The grave of Ben Hall adds to the State significance of the Ben Hall Sites as the final part of the Hall story. Hall and his gang had substantial impact on the early development of the police force, including the employment of Aboriginal people in the police force and the movement of money and people between country towns.

The place has a strong or special association with a person, or group of persons, of importance of cultural or natural history of New South Wales's history.
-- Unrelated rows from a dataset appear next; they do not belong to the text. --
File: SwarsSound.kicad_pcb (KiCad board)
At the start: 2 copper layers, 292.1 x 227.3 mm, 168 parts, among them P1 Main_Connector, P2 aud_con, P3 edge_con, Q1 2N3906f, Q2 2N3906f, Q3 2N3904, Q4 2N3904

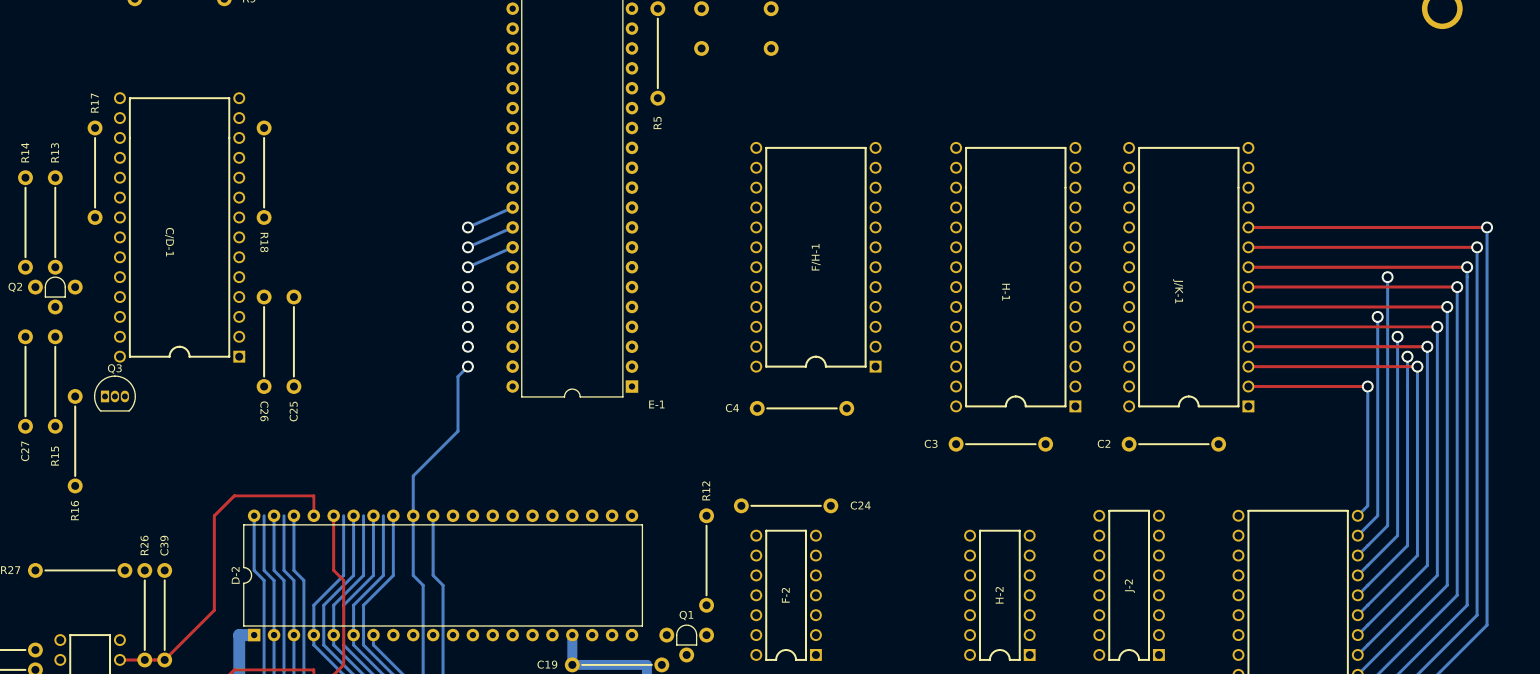
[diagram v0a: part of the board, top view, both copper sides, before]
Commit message: ROM and RAM buses
Not complete
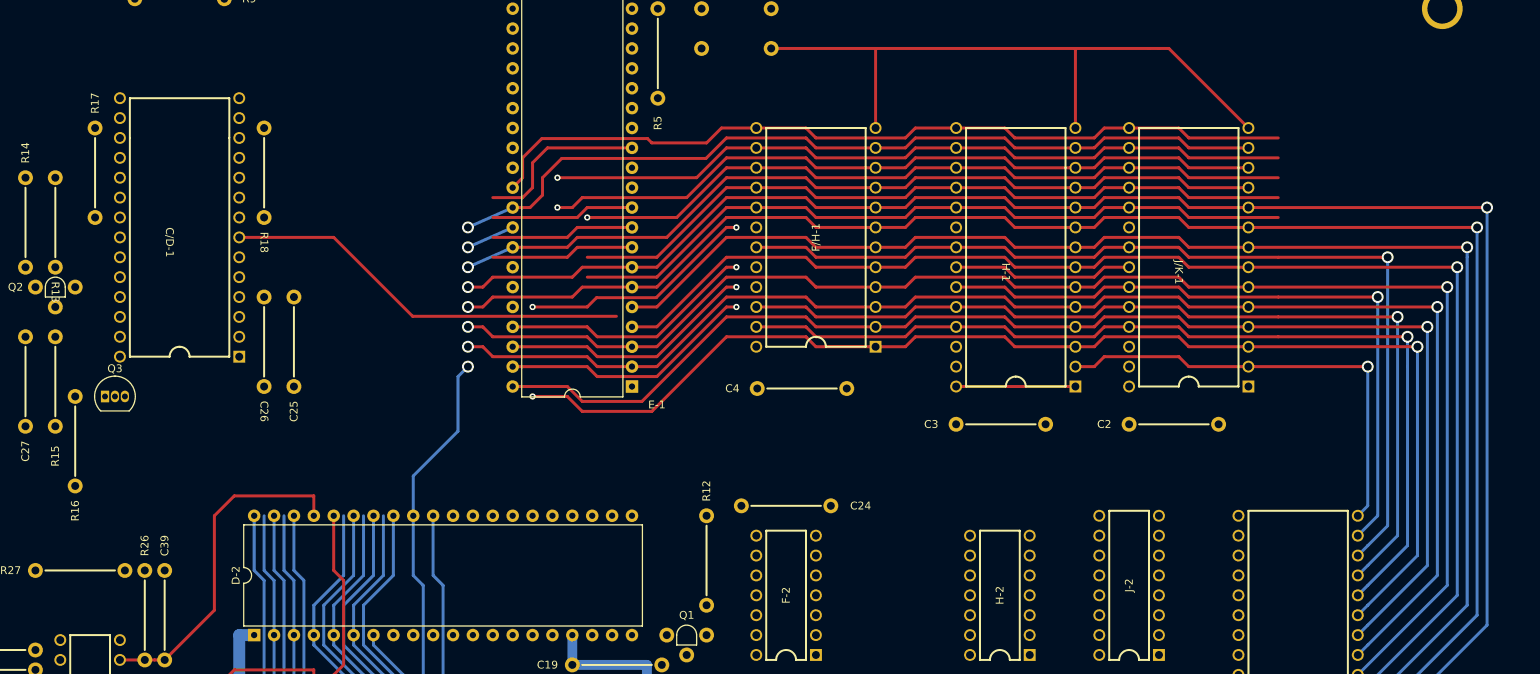
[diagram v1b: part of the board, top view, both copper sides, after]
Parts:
- moved C4 2.54 mm to (211.6, 87.9)
- moved F/H-1 2.54 mm to (212.7, 68.6)
- moved C2 2.54 mm to (259.1, 92.5)
- moved C3 2.54 mm to (237.0, 92.5)
- moved H-1 2.54 mm to (237.6, 71.1)
- moved J/K-1 2.54 mm to (259.7, 71.1)
- moved R13 1.27 mm to (115.6, 66.0), turned to 180 degrees
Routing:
- net SA4: track 77.1 -> 186.7 mm, vias 1 -> 2
- net SA5: track 152.1 -> 261.7 mm, vias 1 -> 2
- net SA1: track 179.6 -> 289.2 mm, vias 1 -> 2
- net SA0: track 180.2 -> 289.8 mm, vias 1 -> 2
- net GND: track 80.0 -> 188.7 mm
- net SD3: track 91.3 -> 196.8 mm
- net SA6: track 63.4 -> 167.8 mm
- net SD2: track 81.8 -> 183.4 mm
- net SA7: track 56.5 -> 157.8 mm, vias 1 -> 2
- net SD0: track 81.8 -> 182.1 mm
- net SD4: track 91.3 -> 187.6 mm, vias 0 -> 1
- net SD7: track 98.7 -> 193.3 mm
- net SD6: track 98.7 -> 193.3 mm
- net SD5: track 98.7 -> 192.2 mm, vias 0 -> 1
- net SD1: track 81.8 -> 175.3 mm, vias 1 -> 2
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
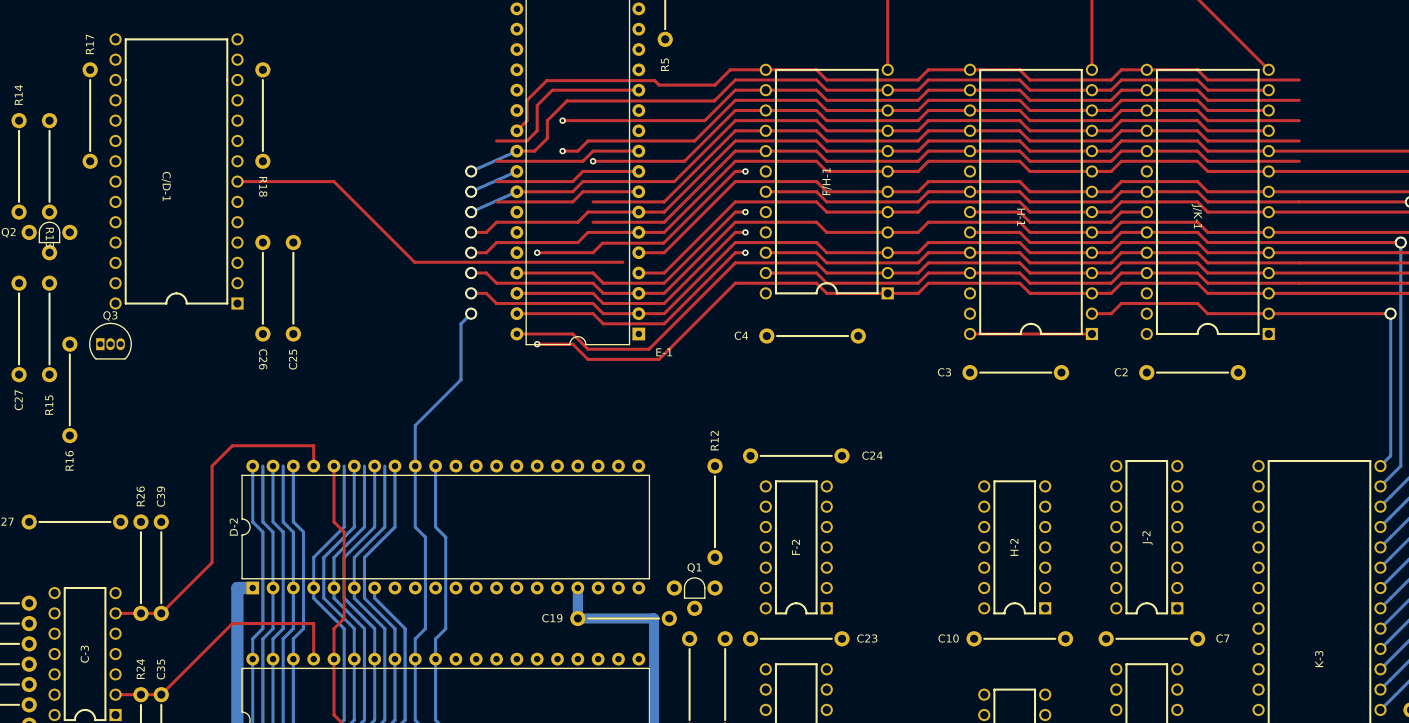
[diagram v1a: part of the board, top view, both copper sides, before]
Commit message: fixes
fixed RAM (pin '28' -> 24) and finished RAM/ROM data bus.
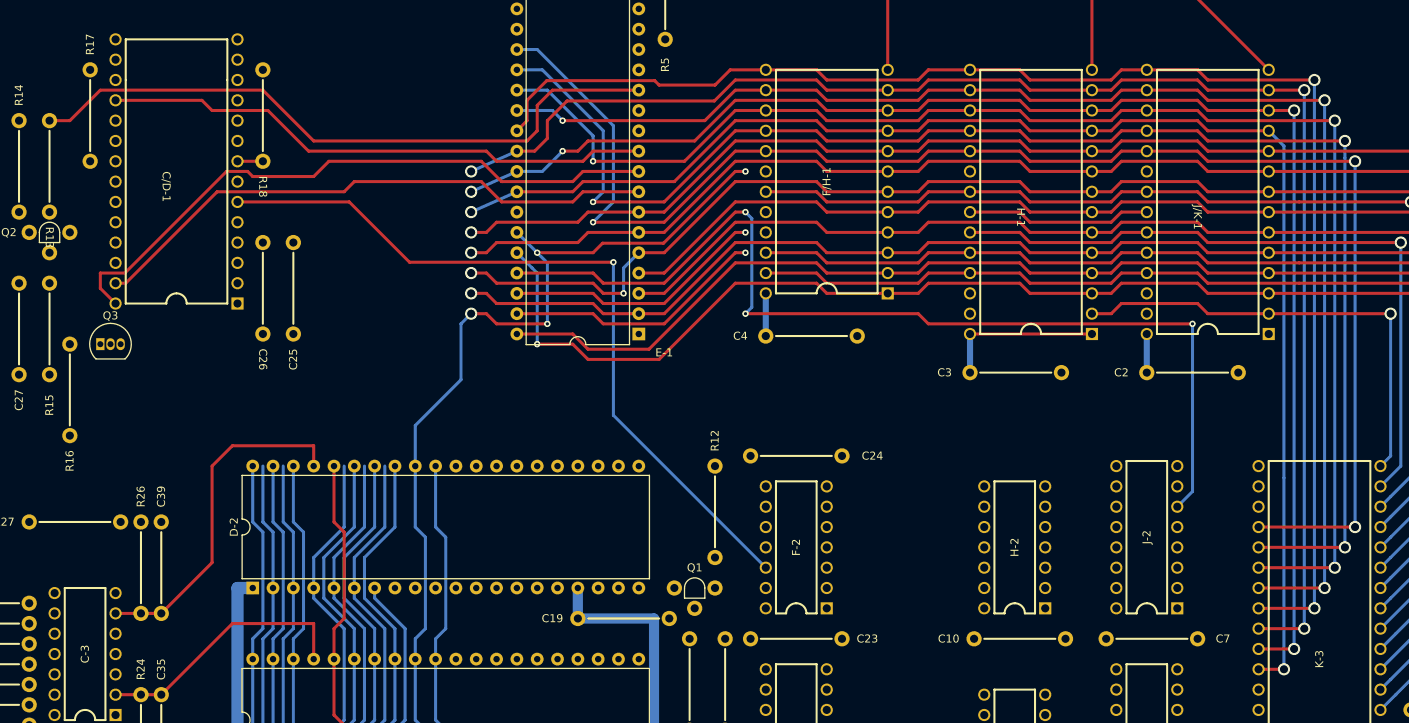
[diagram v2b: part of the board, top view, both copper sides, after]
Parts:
- moved C4 0.13 mm to (211.5, 87.9)
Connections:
- F/H-1 pad 24: (no net) -> +5V
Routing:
- net Net-(C/D-1-Pad6): track 0.00 -> 96.2 mm, vias 0 -> 1
- net SD7: track 193.3 -> 287.2 mm, vias 0 -> 3
- net ~PIA: track 32.8 -> 126.2 mm, vias 1 -> 3
- net SD6: track 193.3 -> 283.9 mm, vias 0 -> 3
- net SD5: track 192.2 -> 277.1 mm, vias 1 -> 3
- net (no net): track 82.6 -> 0.00 mm, vias 2 -> 0
- net SD1: track 175.3 -> 257.0 mm, vias 2 -> 4
- net SD4: track 187.6 -> 266.2 mm, vias 1 -> 3
- net SD2: track 183.4 -> 260.9 mm, vias 1 -> 3
- net SD3: track 196.8 -> 271.8 mm, vias 0 -> 2
- net SD0: track 182.1 -> 253.4 mm, vias 1 -> 2
- net PA1: track 18.3 -> 79.8 mm
- net PA5: track 22.3 -> 82.4 mm
- net PA0: track 18.3 -> 72.2 mm
- net SR\~W: track 97.5 -> 150.8 mm, vias 1 -> 4
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
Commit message: more traces
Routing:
- net +12V: track 0.00 -> 120.8 mm, vias 0 -> 1
- net -5V: track 87.4 -> 123.8 mm

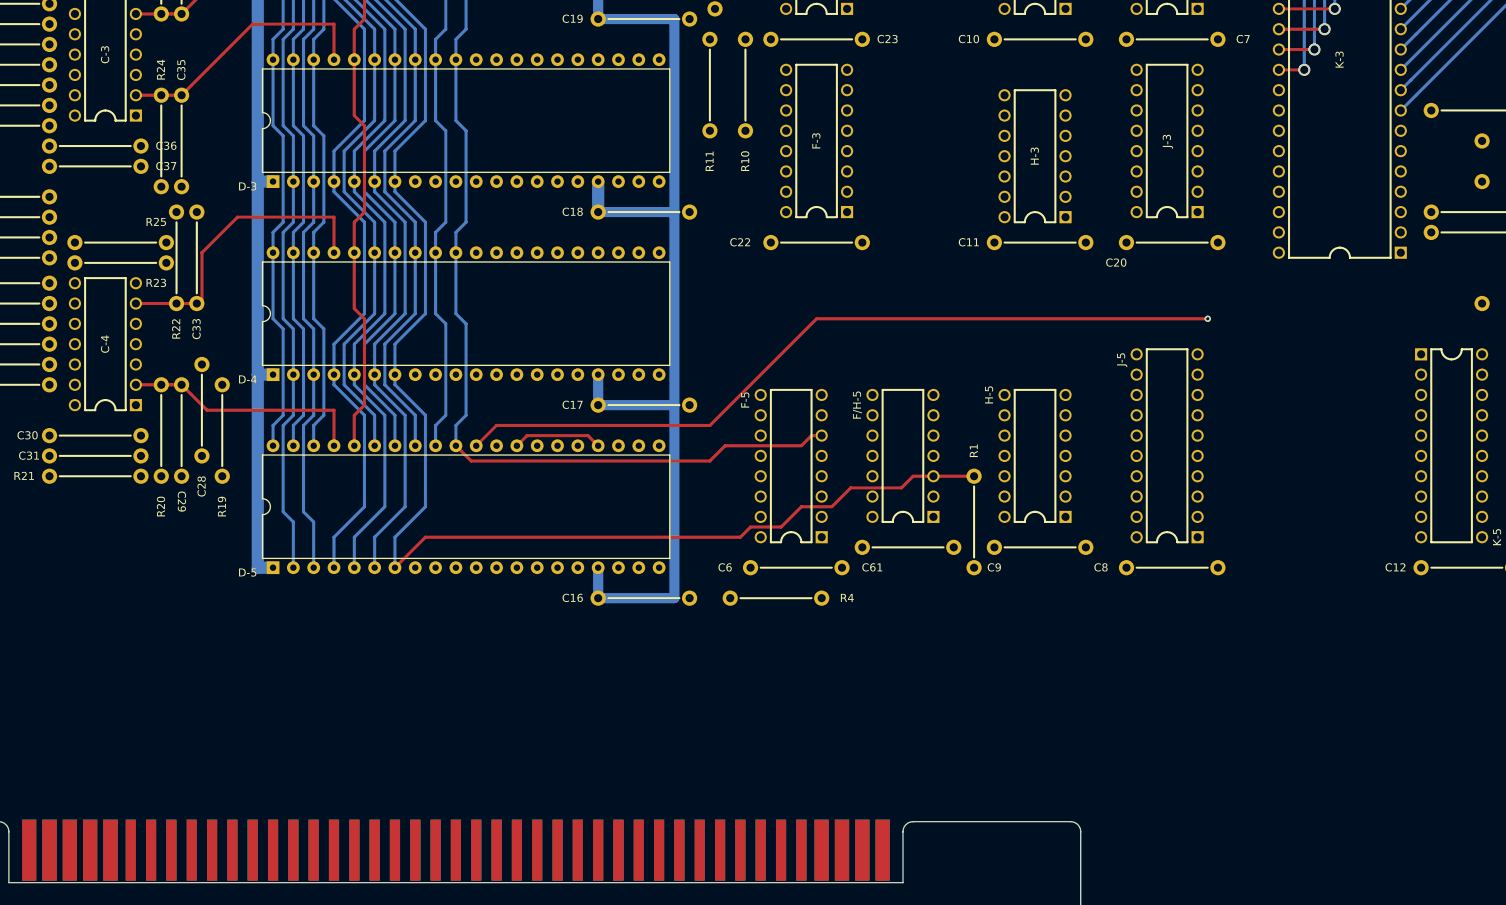
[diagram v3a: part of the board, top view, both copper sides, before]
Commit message: More traces on top done
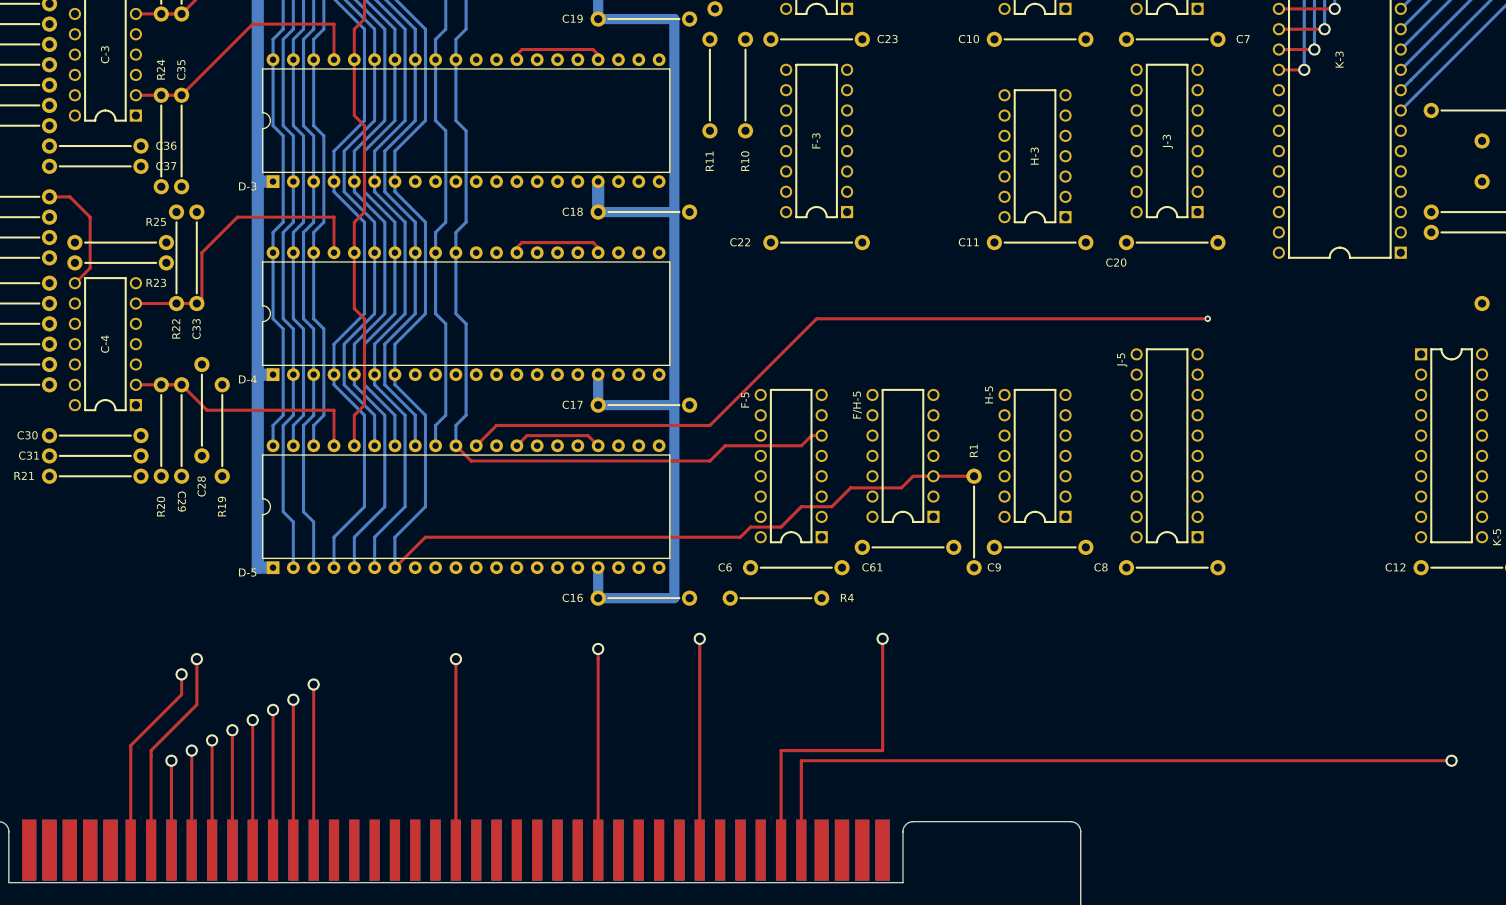
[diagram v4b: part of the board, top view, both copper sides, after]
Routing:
- net CLKQ: track 0.00 -> 92.5 mm, vias 0 -> 1
- net 1.5MHZ: track 0.00 -> 39.1 mm, vias 0 -> 1
- net 6MHZ: track 0.00 -> 26.4 mm, vias 0 -> 1
- net ~SOUNDRST: track 0.00 -> 26.2 mm, vias 0 -> 1
- net ~SOUND: track 0.00 -> 25.6 mm, vias 0 -> 1
- net R/~WB: track 0.00 -> 25.1 mm, vias 0 -> 1
- net AB0: track 0.00 -> 23.9 mm, vias 0 -> 1
- net PD0: track 0.00 -> 20.7 mm, vias 0 -> 1
- net PD1: track 0.00 -> 18.8 mm, vias 0 -> 1
- net PD2: track 0.00 -> 17.5 mm, vias 0 -> 1
- net PD3: track 0.00 -> 16.3 mm, vias 0 -> 1
- net PD4: track 0.00 -> 15.6 mm, vias 0 -> 1
- net SUM: track 0.00 -> 15.2 mm
- net PD5: track 0.00 -> 13.7 mm, vias 0 -> 1
- net PD6: track 0.00 -> 12.4 mm, vias 0 -> 1
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
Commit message: More traces completed
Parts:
- moved C56 1.27 mm to (95.2, 118.1), turned to 90 degrees
- moved C57 1.27 mm to (95.2, 115.6), turned to 90 degrees
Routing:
- net Net-(C56-Pad1): track 0.00 -> 8.78 mm
- net Net-(C48-Pad1): track 0.00 -> 5.72 mm
- net Net-(C-3-Pad8): track 0.00 -> 5.72 mm
- net Net-(C-3-Pad12): track 0.00 -> 5.71 mm
- net Net-(C-3-Pad10): track 0.00 -> 5.71 mm
- net AUD: track 0.00 -> 5.71 mm

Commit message: more traces on bottom completed
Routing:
- net P: track 156.2 -> 248.4 mm
- net +5V: track 156.0 -> 200.1 mm
- net Net-(F-2-Pad1): track 0.00 -> 3.81 mm
- net Net-(F-5-Pad10): track 0.00 -> 2.54 mm

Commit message: more traces
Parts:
- moved C47 1.91 mm to (29.2, 111.1), turned to 270 degrees
- moved R38 1.91 mm to (34.3, 120.0)
- moved R34 1.42 mm to (33.0, 131.4), turned to 90 degrees
- moved R44 1.42 mm to (85.1, 153.0), turned to 90 degrees
- moved R33 1.42 mm to (33.0, 134.0), turned to 90 degrees
- moved C46 0.63 mm to (31.8, 128.9)
- turned C53 to 180 degrees
- turned C54 to 180 degrees
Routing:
- net +12V: track 120.8 -> 211.8 mm
- net Net-(A-3-Pad12): track 0.00 -> 19.4 mm
- net Net-(A-3-Pad13): track 0.00 -> 17.6 mm
- net Net-(B-3-Pad8): track 0.00 -> 17.2 mm
- net Net-(A-3-Pad11): track 0.00 -> 15.5 mm

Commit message: more traces
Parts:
- moved R42 1.27 mm to (64.8, 147.3), turned to 90 degrees
- moved R43 1.27 mm to (64.8, 142.2), turned to 90 degrees
- turned C51 to 180 degrees
- turned C52 to 180 degrees
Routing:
- net AUD: track 5.71 -> 56.4 mm
- net Net-(B-3-Pad5): track 0.00 -> 27.9 mm
- net GND: track 188.7 -> 197.6 mm
- net Net-(R41-Pad1): track 0.00 -> 5.08 mm

This grave is associated with Ben Hall the bushranger who was buried there on 7 May 1865. The grave adds to the significance of the Ben Hall Sites because it is the burial place of Ben Hall who became notorious in his own time and is well known by the Australian public. The cemetery is also significant as the resting place for Aboriginal tracker Billy Dargin, two other bushrangers John O'Meally and Warrigal Walsh as well as the grave of Mary Kelly (bushranger Ned Kelly's sister).

The place has strong or special association with a particular community or cultural group in New South Wales for social, cultural or spiritual reasons.

The Ben Hall Grave adds to the State significance of the Ben Hall Sites for the social significance attached to it by the community. Ben Hall has captured the minds of the public as a gentleman bushranger or Robin Hood type character. Grave sites and the memorialisation of the dead is intimately connected with this process.

The place has potential to yield information that will contribute to an understanding of the cultural or natural history of New South Wales.

The Grave has significance at a local level. The forensic remains of Ben Hall may reveal more information about the way he died and the burial customs of the times.

The place is important in demonstrating the principal characteristics of a class of cultural or natural places/environments in New South Wales.

The marking of the Grave of Ben Hall is representative of public sentiment surrounding Hall as a well known historic figure.